_Exercise_.
Scan the records for the word "Inputs". Copy each line that includes it.

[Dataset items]
▼
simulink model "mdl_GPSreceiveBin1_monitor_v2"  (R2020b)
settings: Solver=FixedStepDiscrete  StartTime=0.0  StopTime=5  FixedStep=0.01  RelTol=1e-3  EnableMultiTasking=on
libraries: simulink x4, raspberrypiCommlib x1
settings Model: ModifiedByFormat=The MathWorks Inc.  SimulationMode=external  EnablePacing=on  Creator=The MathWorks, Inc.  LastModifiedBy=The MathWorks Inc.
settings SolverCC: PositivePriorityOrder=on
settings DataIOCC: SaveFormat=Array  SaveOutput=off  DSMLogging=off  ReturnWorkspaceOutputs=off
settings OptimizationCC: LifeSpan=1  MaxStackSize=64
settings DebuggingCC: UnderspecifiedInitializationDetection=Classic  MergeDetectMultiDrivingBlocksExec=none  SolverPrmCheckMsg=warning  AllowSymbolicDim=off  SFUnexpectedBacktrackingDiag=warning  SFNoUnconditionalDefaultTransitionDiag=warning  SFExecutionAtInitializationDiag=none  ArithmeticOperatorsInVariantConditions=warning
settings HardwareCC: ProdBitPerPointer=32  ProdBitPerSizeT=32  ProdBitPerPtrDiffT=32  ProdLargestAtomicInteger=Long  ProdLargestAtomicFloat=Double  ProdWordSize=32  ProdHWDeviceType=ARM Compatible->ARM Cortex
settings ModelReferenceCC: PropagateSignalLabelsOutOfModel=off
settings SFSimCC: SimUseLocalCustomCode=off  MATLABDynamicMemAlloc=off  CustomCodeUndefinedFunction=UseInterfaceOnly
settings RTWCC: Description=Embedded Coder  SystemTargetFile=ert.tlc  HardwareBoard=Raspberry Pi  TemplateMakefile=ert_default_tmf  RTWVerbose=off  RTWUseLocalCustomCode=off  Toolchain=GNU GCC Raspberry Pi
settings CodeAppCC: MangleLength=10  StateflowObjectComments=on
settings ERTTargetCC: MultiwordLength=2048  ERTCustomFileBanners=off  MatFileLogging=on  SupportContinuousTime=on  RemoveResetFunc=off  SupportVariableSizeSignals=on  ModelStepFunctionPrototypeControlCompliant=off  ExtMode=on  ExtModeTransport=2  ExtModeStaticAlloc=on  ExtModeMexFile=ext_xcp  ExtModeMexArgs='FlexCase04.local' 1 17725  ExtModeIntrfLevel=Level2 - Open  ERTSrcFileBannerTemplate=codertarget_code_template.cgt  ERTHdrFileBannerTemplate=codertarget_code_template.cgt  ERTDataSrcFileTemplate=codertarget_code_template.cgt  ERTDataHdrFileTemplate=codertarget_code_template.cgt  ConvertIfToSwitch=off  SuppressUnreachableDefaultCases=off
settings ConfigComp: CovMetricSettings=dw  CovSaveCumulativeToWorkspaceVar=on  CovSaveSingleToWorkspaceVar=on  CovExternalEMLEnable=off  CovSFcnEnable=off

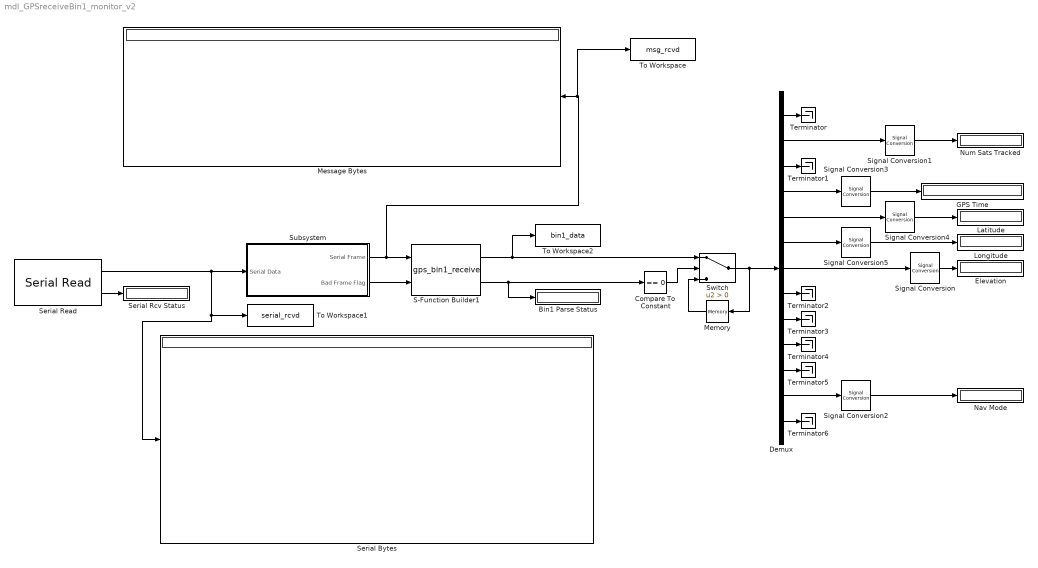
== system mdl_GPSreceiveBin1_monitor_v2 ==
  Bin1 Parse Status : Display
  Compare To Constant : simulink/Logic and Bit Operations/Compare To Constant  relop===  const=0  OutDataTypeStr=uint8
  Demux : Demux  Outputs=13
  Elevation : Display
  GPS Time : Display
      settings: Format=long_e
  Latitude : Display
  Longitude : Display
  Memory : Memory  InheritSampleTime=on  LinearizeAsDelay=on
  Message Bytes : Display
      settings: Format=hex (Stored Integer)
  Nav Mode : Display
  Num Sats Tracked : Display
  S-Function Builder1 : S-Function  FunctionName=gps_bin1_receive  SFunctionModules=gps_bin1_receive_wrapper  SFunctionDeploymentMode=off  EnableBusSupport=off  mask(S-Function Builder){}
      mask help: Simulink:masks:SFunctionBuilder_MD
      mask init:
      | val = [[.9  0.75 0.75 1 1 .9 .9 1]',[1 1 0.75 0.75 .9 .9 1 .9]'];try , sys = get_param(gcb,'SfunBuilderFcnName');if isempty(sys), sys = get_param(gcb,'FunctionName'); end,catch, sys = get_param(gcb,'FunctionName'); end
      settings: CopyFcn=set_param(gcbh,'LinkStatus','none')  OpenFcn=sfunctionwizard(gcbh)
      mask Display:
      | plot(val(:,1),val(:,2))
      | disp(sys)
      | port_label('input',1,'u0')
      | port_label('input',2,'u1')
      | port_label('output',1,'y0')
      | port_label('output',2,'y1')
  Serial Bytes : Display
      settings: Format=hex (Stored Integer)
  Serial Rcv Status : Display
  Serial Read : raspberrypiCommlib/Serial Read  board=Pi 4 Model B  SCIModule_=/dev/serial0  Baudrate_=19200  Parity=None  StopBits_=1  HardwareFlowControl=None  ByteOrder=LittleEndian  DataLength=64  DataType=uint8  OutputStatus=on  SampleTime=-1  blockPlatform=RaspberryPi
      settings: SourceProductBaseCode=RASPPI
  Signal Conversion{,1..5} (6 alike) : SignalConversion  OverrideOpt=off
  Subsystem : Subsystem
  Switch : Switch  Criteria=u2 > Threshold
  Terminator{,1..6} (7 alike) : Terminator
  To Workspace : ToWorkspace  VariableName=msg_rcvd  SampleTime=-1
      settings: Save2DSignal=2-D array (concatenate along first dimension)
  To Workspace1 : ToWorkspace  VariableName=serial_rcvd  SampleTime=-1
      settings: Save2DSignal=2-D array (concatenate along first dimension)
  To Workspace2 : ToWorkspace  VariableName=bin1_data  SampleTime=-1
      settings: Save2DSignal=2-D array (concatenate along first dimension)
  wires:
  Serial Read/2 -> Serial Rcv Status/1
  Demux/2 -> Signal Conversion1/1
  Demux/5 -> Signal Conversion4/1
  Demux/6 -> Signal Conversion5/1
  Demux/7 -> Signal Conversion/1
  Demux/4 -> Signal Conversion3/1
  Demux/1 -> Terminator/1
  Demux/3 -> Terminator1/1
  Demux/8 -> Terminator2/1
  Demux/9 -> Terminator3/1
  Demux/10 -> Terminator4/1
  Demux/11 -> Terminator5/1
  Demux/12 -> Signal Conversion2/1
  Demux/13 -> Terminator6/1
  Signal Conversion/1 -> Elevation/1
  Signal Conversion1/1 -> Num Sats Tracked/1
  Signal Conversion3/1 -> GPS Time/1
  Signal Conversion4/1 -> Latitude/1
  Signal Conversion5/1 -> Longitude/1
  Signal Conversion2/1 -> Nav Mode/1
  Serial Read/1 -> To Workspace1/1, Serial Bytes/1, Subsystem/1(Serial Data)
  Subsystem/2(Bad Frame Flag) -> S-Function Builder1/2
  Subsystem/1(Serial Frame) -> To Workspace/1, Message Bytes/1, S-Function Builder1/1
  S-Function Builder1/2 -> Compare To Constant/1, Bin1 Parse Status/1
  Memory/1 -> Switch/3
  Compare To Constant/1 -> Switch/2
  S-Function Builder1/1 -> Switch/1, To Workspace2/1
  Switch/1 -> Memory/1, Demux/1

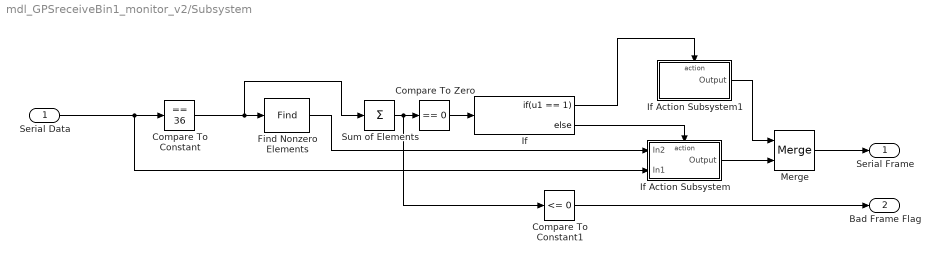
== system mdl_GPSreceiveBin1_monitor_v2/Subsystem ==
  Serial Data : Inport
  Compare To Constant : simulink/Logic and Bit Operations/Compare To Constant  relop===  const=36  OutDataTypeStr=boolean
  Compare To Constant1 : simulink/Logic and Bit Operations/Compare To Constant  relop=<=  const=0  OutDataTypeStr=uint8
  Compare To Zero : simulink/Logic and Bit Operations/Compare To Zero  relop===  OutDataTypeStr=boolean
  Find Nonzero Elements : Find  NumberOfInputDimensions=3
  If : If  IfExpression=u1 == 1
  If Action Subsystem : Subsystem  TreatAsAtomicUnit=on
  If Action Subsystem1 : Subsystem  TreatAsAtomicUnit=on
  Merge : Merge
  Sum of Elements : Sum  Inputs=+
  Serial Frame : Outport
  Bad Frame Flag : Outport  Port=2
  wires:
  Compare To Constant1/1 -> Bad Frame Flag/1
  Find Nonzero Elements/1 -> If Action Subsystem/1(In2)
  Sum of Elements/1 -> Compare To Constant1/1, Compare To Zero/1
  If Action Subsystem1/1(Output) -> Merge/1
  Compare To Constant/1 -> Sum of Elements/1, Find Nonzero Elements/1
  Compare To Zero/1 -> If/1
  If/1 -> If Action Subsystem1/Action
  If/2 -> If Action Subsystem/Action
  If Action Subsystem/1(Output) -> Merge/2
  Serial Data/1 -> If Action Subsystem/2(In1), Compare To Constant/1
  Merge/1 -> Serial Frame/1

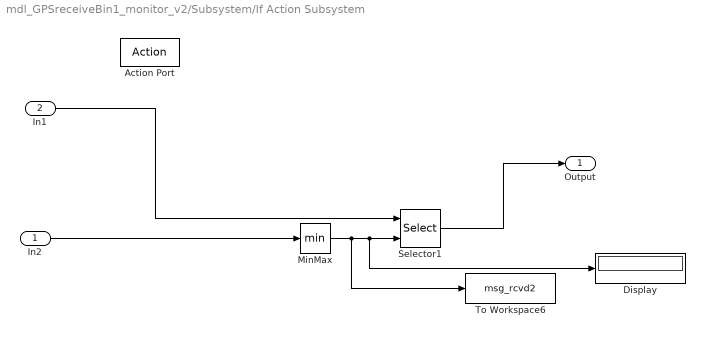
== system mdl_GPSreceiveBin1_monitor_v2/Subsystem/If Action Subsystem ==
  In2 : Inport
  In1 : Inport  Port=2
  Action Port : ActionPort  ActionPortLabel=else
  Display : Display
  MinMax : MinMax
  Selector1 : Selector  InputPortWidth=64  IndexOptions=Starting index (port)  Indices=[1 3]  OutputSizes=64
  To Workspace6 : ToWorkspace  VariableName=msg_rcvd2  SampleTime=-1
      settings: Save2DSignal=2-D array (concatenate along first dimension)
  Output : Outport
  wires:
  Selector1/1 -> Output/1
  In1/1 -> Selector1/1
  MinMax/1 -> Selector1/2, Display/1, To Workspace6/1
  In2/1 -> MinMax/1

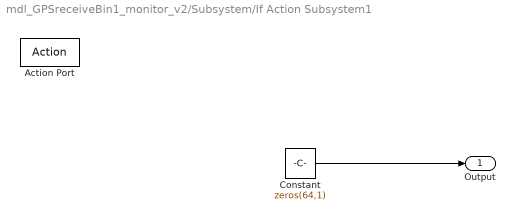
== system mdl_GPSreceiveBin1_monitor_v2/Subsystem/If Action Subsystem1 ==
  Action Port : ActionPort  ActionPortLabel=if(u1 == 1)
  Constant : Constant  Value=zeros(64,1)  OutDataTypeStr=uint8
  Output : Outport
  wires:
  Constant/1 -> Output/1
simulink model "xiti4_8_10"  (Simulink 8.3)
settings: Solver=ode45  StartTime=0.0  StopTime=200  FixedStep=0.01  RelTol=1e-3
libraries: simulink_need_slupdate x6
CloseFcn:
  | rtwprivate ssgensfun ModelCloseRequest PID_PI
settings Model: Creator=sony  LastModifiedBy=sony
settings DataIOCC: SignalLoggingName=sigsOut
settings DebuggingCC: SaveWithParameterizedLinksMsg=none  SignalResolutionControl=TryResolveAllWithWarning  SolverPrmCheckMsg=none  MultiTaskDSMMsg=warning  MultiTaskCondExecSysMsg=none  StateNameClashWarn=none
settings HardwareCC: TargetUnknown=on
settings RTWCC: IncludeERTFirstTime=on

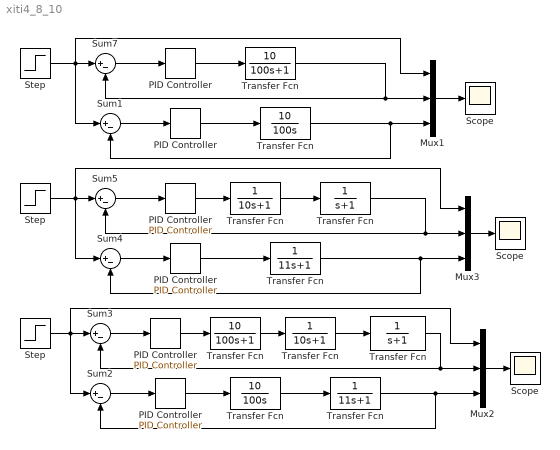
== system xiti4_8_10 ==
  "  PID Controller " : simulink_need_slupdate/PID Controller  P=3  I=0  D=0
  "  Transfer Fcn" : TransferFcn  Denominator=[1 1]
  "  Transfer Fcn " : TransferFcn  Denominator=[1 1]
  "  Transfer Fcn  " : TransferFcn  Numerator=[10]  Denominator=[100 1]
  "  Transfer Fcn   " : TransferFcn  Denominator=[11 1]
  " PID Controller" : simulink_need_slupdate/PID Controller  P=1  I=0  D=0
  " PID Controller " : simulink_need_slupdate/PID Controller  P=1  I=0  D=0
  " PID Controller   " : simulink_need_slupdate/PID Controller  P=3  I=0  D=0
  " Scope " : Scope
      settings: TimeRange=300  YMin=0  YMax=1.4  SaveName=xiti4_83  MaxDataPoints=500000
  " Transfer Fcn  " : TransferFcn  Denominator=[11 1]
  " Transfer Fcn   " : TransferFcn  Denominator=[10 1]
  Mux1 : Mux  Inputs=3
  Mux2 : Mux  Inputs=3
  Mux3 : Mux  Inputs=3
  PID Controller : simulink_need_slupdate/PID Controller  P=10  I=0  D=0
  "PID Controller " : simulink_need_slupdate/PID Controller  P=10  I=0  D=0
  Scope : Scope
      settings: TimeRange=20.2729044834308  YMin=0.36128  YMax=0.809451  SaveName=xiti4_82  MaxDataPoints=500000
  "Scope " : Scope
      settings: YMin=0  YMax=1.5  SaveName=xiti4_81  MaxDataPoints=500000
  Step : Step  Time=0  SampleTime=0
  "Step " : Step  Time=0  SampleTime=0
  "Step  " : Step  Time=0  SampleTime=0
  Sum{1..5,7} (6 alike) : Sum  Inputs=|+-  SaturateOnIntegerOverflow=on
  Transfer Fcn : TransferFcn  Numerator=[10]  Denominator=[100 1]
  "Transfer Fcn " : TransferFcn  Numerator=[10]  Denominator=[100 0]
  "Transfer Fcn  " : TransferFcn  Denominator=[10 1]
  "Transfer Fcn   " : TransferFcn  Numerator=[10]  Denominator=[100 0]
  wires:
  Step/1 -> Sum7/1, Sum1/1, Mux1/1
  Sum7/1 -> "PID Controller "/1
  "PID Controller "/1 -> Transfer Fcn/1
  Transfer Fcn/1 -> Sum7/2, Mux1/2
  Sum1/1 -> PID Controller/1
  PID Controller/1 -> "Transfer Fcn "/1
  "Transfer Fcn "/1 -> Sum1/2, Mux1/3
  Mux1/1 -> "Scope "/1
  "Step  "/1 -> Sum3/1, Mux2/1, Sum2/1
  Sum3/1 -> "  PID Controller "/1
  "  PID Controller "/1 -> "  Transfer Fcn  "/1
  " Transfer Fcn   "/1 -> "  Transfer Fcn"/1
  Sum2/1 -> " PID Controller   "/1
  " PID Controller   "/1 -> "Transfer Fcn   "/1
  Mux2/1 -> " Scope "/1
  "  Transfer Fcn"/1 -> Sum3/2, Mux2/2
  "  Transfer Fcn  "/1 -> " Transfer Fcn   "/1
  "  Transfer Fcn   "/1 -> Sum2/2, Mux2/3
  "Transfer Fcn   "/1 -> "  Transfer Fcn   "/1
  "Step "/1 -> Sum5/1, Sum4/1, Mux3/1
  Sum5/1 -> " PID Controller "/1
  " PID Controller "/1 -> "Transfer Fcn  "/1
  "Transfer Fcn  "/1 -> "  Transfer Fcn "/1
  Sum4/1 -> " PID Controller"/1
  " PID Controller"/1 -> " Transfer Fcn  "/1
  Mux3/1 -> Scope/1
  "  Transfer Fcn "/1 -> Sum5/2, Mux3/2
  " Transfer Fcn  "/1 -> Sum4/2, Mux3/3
▲
_Reply_.
  Sum of Elements : Sum  Inputs=+
  Mux1 : Mux  Inputs=3
  Mux2 : Mux  Inputs=3
  Mux3 : Mux  Inputs=3
  Sum{1..5,7} (6 alike) : Sum  Inputs=|+-  SaturateOnIntegerOverflow=on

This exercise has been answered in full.